A characterization theorem for the $L^{2}$-discrepancy of integer points in dilated polygons

TL;DR

This paper characterizes which convex polygons are $L^{2}$-regular based on inscribability and symmetry, extending the understanding of discrepancy behavior for integer points in dilated polygons.

Contribution

It provides a complete characterization of $L^{2}$-regular convex polygons, identifying inscribed and symmetric polygons as the key class.

Findings

Convex polygons inscribed in a circle and symmetric about the center are not $L^{2}$-regular.

Non-inscribed or non-symmetric polygons are $L^{2}$-regular.

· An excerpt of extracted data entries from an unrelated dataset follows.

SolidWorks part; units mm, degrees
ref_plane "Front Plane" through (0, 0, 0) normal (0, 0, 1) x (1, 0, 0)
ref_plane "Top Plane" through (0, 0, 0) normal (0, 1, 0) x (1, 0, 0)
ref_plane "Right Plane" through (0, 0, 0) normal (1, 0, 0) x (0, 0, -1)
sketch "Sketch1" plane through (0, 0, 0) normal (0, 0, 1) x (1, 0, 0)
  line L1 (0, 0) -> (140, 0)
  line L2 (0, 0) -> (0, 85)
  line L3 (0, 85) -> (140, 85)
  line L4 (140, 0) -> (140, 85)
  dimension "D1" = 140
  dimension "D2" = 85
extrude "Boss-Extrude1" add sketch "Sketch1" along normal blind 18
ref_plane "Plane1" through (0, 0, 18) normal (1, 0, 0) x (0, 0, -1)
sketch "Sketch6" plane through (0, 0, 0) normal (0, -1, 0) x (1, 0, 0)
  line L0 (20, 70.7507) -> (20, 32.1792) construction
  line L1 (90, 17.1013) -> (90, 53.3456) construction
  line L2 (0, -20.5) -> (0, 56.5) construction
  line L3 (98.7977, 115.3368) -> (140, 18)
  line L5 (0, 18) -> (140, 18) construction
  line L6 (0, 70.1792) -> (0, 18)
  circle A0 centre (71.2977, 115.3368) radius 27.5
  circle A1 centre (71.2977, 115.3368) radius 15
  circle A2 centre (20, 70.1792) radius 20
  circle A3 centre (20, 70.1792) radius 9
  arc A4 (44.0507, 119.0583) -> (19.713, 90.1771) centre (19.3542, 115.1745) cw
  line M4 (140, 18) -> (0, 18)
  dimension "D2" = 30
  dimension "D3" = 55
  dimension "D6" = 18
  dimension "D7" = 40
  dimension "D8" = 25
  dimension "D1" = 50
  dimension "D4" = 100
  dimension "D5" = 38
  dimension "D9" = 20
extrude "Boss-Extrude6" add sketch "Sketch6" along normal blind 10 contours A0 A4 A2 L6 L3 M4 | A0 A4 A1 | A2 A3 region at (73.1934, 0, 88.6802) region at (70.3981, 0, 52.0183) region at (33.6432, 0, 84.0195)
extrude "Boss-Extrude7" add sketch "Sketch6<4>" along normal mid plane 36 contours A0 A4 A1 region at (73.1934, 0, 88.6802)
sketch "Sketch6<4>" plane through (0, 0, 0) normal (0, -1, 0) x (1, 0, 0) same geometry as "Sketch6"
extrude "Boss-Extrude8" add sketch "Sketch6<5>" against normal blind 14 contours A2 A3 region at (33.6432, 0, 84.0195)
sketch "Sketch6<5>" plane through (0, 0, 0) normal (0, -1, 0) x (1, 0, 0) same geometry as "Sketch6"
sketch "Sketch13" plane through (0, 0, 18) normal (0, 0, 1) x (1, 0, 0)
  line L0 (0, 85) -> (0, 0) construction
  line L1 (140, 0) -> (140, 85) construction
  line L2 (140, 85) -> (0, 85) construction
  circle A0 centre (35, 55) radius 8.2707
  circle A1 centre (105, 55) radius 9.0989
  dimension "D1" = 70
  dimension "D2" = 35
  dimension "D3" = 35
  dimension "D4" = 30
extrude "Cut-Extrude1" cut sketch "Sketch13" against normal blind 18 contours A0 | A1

The characterization extends previous results on $L^{2}$-regularity for higher-dimensional bodies.

Abstract

Let $C$ be a convex $d$-dimensional body. If $\rho$ is a large positive number, then the dilated body $\rho C$ contains $\rho^{d}\left\vert C\right\vert +\mathcal{O}\left( \rho^{d-1}\right) $ integer points, where $\left\vert C\right\vert $ denotes the volume of $C$. The above error estimate $\mathcal{O}\left( \rho^{d-1}\right) $ can be improved in several cases. We are interested in the $L^{2}$-discrepancy $D_{C}(\rho)$ of a copy of $\rho C$ thrown at random in $\mathbb{R}^{d}$. More precisely, we consider \[ D_{C}(\rho):=\left\{ \int_{\mathbb{T}^{d}}\int_{SO(d)}\left\vert \textrm{card}\left( \left( \rho\sigma(C)+t\right) \cap\mathbb{Z}^d\right) - \rho^{d}\left\vert C\right\vert \right\vert ^{2}d\sigma dt\right\} ^{1/2}\ , \] where $\mathbb{T}^{d}=$ $\mathbb{R}^{d}/\mathbb{Z}^{d}$ is the $d$-dimensional flat torus and $SO\left( d\right) $ is the special orthogonal group of real orthogonal matrices of determinant $1$. An argument of D. Kendall shows that $D_{C}(\rho)\leq c\ \rho^{(d-1)/2}$. If $C$ also satisfies the reverse inequality $\ D_{C}(\rho)\geq c_{1} \ \rho^{(d-1)/2}$, we say that $C$ is $L^{2}$\emph{-regular}. L. Parnovski and A. Sobolev proved that, if $d>1$, a $d$-dimensional unit ball is $L^{2}% $-regular if and only if $d\not \equiv 1\ (\operatorname{mod}4)$. In this paper we characterize the $L^{2}$-regular convex polygons. More precisely we prove that a convex polygon is not $L^{2}$-regular if and only if it can be inscribed in a circle and it is symmetric about the centre.